One primary source of contamination by toxigenic fungi is the ambient air in production areas. Airborne fungal spores can contaminate raw materials, surfaces, and utensils used during cheese production and germinate, leading to mycelial growth during ripening. Additionally, milk poses a risk, for cheese produced with raw milk or even for those produced with pasteurized milk, as some fungal spores resist high temperatures and can remain viable. In some cases, brine used in cheese production can also act as a reservoir for fungal spores, including species such as Penicillium commune.

Despite advancements in understanding the factors contributing to fungal development, undesirable fungi during the cheese ripening process remain a significant concern for artisanal cheese producers. Fungal spores found in the cheesemaking environment attach themselves to the cheese rinds, multiply, and proliferate, forming several colonies of filamentous fungi and yeasts to which their vegetative or reproductive structures are exposed. These fungi on the cheese rinds bring a unique sensory aspect. Cheeses with these characteristics are known as “artisanal cheeses with bloomy rinds” and are currently highly sought after and valued nationally and internationally. However, some toxigenic fungi may be present, producing mycotoxins, and cheese producers generally cannot recognize these fungi.

Further research is essential for identifying fungal species that can direct better management strategies in artisanal cheese production.
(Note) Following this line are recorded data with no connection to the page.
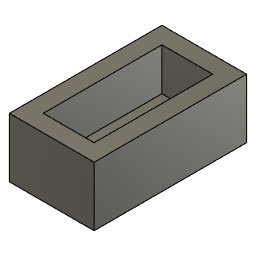
holder (Autodesk Fusion 360 design; units mm, degrees)
Autodesk Fusion 360 part; units mm, degrees
sketch "Sketch1" plane through (0, 0, 0) normal (0, 1, 0) x (1, 0, 0)
  line L0 (0, 0) -> (6, 0)
  line L1 (6, 0) -> (6, 14)
  line L2 (6, 14) -> (0, 14)
  line L3 (0, 14) -> (0, 0)
  line L4 (-2, 16) -> (8, 16)
  line L5 (8, 16) -> (8, 0)
  line L6 (8, 0) -> (8, -2)
  line L7 (8, -2) -> (-2, -2)
  line L8 (-2, -2) -> (-2, 16)
  dimension "d1" = 6
  dimension "d2" = 14
  constraint horizontal L0
  constraint vertical L1
  constraint horizontal L2
  constraint vertical L3
  constraint coincident L0.start L3.end
  constraint horizontal L4
  constraint perpendicular L4 L5
  constraint parallel L5 L6
  constraint perpendicular L6 L7
  constraint perpendicular L7 L8
  measures "d1" distance of L0.start L0.end
  measures "d2" distance of L0.start L2.end
extrude "Extrude1" add sketch "Sketch1" along normal blind 5
sketch "Sketch2" plane through (0, 0, 0) normal (0, 1, 0) x (1, 0, 0)
  line L0 (8, 16) -> (-2, 16)
  line L1 (-2, 16) -> (-2, -2)
  line L2 (-2, -2) -> (8, -2)
  line L3 (8, -2) -> (8, 16)
  line L4 (5, 13) -> (1, 13)
  line L5 (1, 13) -> (1, 1)
  line L6 (1, 1) -> (5, 1)
  line L7 (5, 1) -> (5, 13)
  line L8 (8, 16) -> (8, -2)
  line L9 (-2, -2) -> (8, -2)
  line L10 (-2, -2) -> (-2, 16)
  line L11 (8, 16) -> (-2, 16)
  constraint horizontal L0
  constraint vertical L1
  constraint horizontal L2
  constraint vertical L3
  constraint horizontal L4
  constraint perpendicular L4 L5
  constraint perpendicular L5 L6
  constraint perpendicular L4 L7
extrude "Extrude2" add sketch "Sketch2" against normal blind 2

Additionally, developing quick and efficient methods for detecting mycotoxins, such as aflatoxin M1 and ochratoxin A (OTA), is crucial to ensure the microbiological safety of these products and protect consumer health.

Strategies to mitigate risks in cheeses

Microorganisms are essential to the development of the desired sensory characteristics in cheeses. However, pathogens may have access to the product from the early stages of production, all the way through to consumption. At the farm, good agricultural practices will ensure the quality and safety of milk. Management of animal health and milking practices that prevent mastitis are crucial. At the cheese factory, good manufacturing practices which include following strict hygiene protocols and food handlers´ health, aligned with the proper use of starter cultures and ripening conditions will ensure the product remains free of dangerous organisms. At retail, good storage conditions, in addition to good handling practices, particularly when products are sliced and repacked before commercialization, will keep the cheese from cross-contaminating with undesirable organisms from the environment.

Consumers should follow basic food safety guidelines at home to prevent cheese contamination. Those who are immunocompromised, such as individuals with weakened immune systems, should avoid certain high-risk products like fresh and soft cheeses, as they are more prone to contamination by L. monocytogenes. It is also important that product labels clearly indicate if the cheese is made from raw milk, emphasizing the potential risks. Ensuring proper labeling and understanding the specific risks associated with certain cheeses can help protect vulnerable consumers from foodborne illnesses.